=== Exercise goal ===
Copy out each line of the material exactly. Pictures do not belong in the copy.

----------

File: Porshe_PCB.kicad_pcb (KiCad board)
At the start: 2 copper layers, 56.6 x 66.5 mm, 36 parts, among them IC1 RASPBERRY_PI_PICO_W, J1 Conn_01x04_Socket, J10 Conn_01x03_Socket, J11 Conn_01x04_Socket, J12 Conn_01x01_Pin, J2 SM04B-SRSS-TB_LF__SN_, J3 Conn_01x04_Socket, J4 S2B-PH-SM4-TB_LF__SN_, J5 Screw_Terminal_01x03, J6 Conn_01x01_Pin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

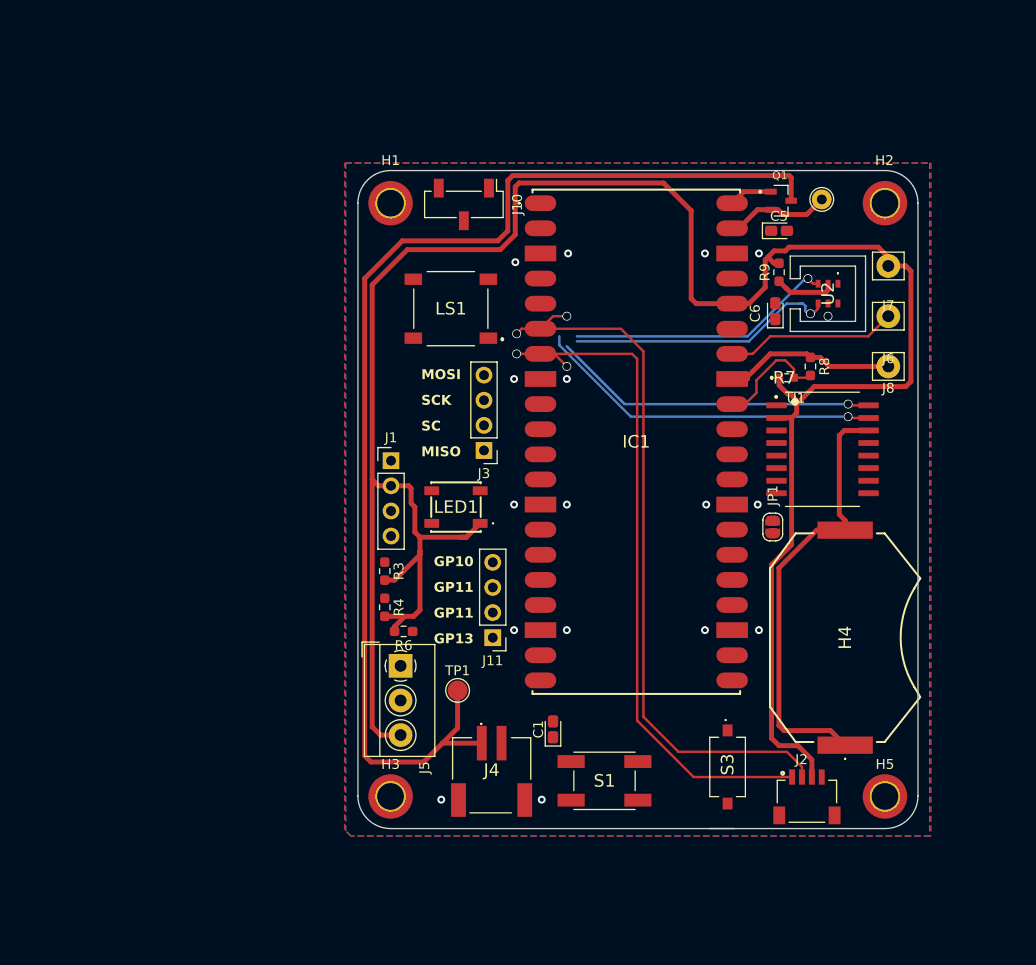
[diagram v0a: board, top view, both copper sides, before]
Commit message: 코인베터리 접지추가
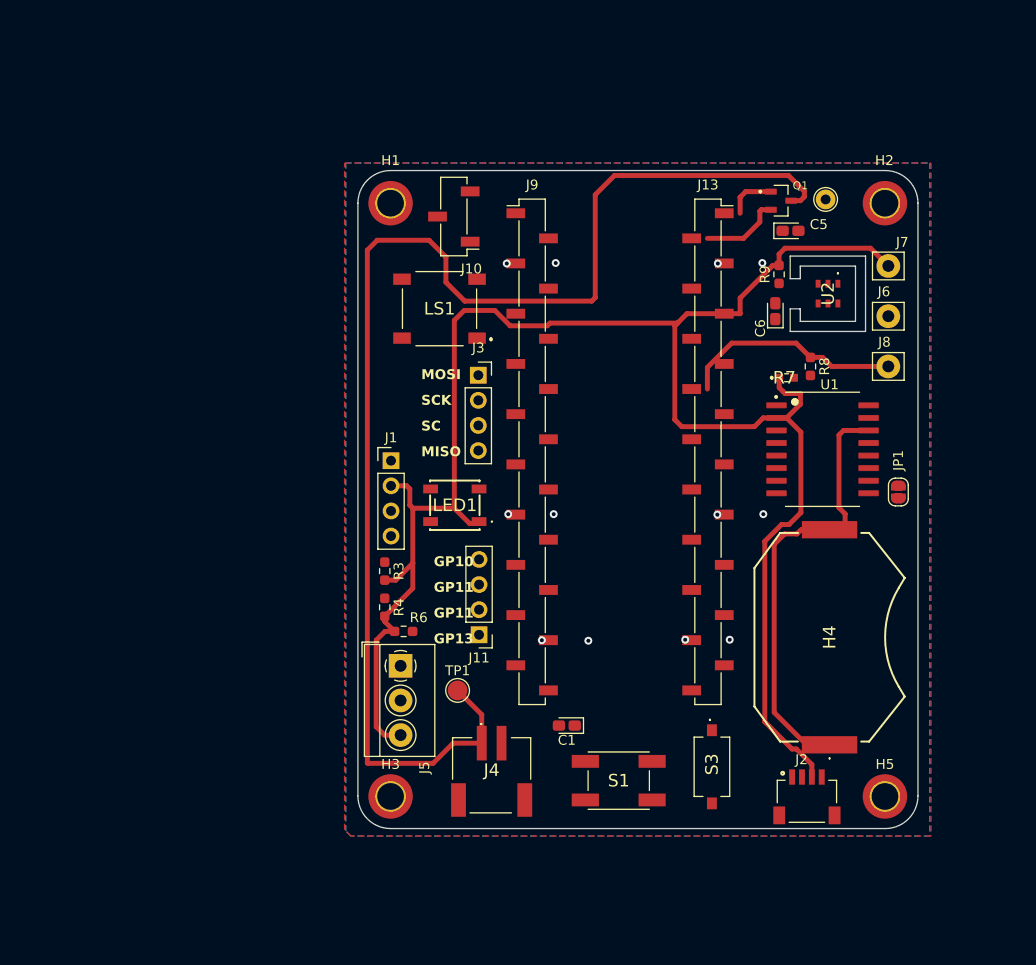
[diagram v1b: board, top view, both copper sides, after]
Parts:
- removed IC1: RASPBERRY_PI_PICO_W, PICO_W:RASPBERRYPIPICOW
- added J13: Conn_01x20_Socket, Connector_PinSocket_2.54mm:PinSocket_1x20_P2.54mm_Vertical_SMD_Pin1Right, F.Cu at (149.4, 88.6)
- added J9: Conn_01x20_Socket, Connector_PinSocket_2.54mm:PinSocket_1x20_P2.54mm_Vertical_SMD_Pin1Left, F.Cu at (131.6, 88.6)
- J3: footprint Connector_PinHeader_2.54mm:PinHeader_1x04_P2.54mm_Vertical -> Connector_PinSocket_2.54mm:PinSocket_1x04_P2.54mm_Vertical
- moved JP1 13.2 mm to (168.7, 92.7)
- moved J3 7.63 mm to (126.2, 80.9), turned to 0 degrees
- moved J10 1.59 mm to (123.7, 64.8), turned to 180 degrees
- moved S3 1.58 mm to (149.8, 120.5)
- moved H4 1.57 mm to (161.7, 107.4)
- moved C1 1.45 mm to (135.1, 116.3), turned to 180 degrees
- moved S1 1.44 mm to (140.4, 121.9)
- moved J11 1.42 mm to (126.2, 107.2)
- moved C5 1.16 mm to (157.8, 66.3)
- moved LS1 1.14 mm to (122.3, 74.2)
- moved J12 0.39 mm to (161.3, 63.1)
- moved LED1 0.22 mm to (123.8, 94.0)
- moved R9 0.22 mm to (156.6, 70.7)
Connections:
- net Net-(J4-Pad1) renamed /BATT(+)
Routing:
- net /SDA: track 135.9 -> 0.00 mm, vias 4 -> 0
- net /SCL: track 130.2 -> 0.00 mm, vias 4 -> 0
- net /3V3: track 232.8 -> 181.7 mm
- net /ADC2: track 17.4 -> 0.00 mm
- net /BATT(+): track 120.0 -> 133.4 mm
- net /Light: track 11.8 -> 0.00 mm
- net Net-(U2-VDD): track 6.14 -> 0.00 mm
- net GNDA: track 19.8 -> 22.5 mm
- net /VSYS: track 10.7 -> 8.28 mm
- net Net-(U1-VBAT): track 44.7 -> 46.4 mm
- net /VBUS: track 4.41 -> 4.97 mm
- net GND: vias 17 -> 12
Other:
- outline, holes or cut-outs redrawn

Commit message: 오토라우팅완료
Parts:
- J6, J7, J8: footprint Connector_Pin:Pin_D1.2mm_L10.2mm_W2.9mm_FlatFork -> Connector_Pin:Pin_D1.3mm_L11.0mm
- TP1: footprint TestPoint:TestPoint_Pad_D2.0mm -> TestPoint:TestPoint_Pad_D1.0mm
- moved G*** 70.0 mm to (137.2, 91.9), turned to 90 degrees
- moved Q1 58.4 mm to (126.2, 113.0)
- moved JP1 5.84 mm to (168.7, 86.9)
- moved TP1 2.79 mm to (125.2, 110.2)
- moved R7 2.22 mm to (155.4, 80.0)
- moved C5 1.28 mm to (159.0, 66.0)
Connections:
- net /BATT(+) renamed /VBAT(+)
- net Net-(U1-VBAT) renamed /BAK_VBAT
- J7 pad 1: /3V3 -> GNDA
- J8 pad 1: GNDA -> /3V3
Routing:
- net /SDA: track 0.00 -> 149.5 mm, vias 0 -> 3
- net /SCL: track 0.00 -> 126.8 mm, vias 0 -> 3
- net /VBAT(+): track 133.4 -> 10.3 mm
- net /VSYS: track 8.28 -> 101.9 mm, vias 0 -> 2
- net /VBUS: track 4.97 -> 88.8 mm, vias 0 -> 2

----------

=== Solution for this problem ===
File: Porshe_PCB.kicad_pcb (KiCad board)
At the start: 2 copper layers, 56.6 x 66.5 mm, 36 parts, among them IC1 RASPBERRY_PI_PICO_W, J1 Conn_01x04_Socket, J10 Conn_01x03_Socket, J11 Conn_01x04_Socket, J12 Conn_01x01_Pin, J2 SM04B-SRSS-TB_LF__SN_, J3 Conn_01x04_Socket, J4 S2B-PH-SM4-TB_LF__SN_, J5 Screw_Terminal_01x03, J6 Conn_01x01_Pin

[diagram v0a: board, top view, both copper sides, before]
Commit message: 코인베터리 접지추가
[diagram v1b: board, top view, both copper sides, after]
Parts:
- removed IC1: RASPBERRY_PI_PICO_W, PICO_W:RASPBERRYPIPICOW
- added J13: Conn_01x20_Socket, Connector_PinSocket_2.54mm:PinSocket_1x20_P2.54mm_Vertical_SMD_Pin1Right, F.Cu at (149.4, 88.6)
- added J9: Conn_01x20_Socket, Connector_PinSocket_2.54mm:PinSocket_1x20_P2.54mm_Vertical_SMD_Pin1Left, F.Cu at (131.6, 88.6)
- J3: footprint Connector_PinHeader_2.54mm:PinHeader_1x04_P2.54mm_Vertical -> Connector_PinSocket_2.54mm:PinSocket_1x04_P2.54mm_Vertical
- moved JP1 13.2 mm to (168.7, 92.7)
- moved J3 7.63 mm to (126.2, 80.9), turned to 0 degrees
- moved J10 1.59 mm to (123.7, 64.8), turned to 180 degrees
- moved S3 1.58 mm to (149.8, 120.5)
- moved H4 1.57 mm to (161.7, 107.4)
- moved C1 1.45 mm to (135.1, 116.3), turned to 180 degrees
- moved S1 1.44 mm to (140.4, 121.9)
- moved J11 1.42 mm to (126.2, 107.2)
- moved C5 1.16 mm to (157.8, 66.3)
- moved LS1 1.14 mm to (122.3, 74.2)
- moved J12 0.39 mm to (161.3, 63.1)
- moved LED1 0.22 mm to (123.8, 94.0)
- moved R9 0.22 mm to (156.6, 70.7)
Connections:
- net Net-(J4-Pad1) renamed /BATT(+)
Routing:
- net /SDA: track 135.9 -> 0.00 mm, vias 4 -> 0
- net /SCL: track 130.2 -> 0.00 mm, vias 4 -> 0
- net /3V3: track 232.8 -> 181.7 mm
- net /ADC2: track 17.4 -> 0.00 mm
- net /BATT(+): track 120.0 -> 133.4 mm
- net /Light: track 11.8 -> 0.00 mm
- net Net-(U2-VDD): track 6.14 -> 0.00 mm
- net GNDA: track 19.8 -> 22.5 mm
- net /VSYS: track 10.7 -> 8.28 mm
- net Net-(U1-VBAT): track 44.7 -> 46.4 mm
- net /VBUS: track 4.41 -> 4.97 mm
- net GND: vias 17 -> 12
Other:
- outline, holes or cut-outs redrawn

Commit message: 오토라우팅완료
Parts:
- J6, J7, J8: footprint Connector_Pin:Pin_D1.2mm_L10.2mm_W2.9mm_FlatFork -> Connector_Pin:Pin_D1.3mm_L11.0mm
- TP1: footprint TestPoint:TestPoint_Pad_D2.0mm -> TestPoint:TestPoint_Pad_D1.0mm
- moved G*** 70.0 mm to (137.2, 91.9), turned to 90 degrees
- moved Q1 58.4 mm to (126.2, 113.0)
- moved JP1 5.84 mm to (168.7, 86.9)
- moved TP1 2.79 mm to (125.2, 110.2)
- moved R7 2.22 mm to (155.4, 80.0)
- moved C5 1.28 mm to (159.0, 66.0)
Connections:
- net /BATT(+) renamed /VBAT(+)
- net Net-(U1-VBAT) renamed /BAK_VBAT
- J7 pad 1: /3V3 -> GNDA
- J8 pad 1: GNDA -> /3V3
Routing:
- net /SDA: track 0.00 -> 149.5 mm, vias 0 -> 3
- net /SCL: track 0.00 -> 126.8 mm, vias 0 -> 3
- net /VBAT(+): track 133.4 -> 10.3 mm
- net /VSYS: track 8.28 -> 101.9 mm, vias 0 -> 2
- net /VBUS: track 4.97 -> 88.8 mm, vias 0 -> 2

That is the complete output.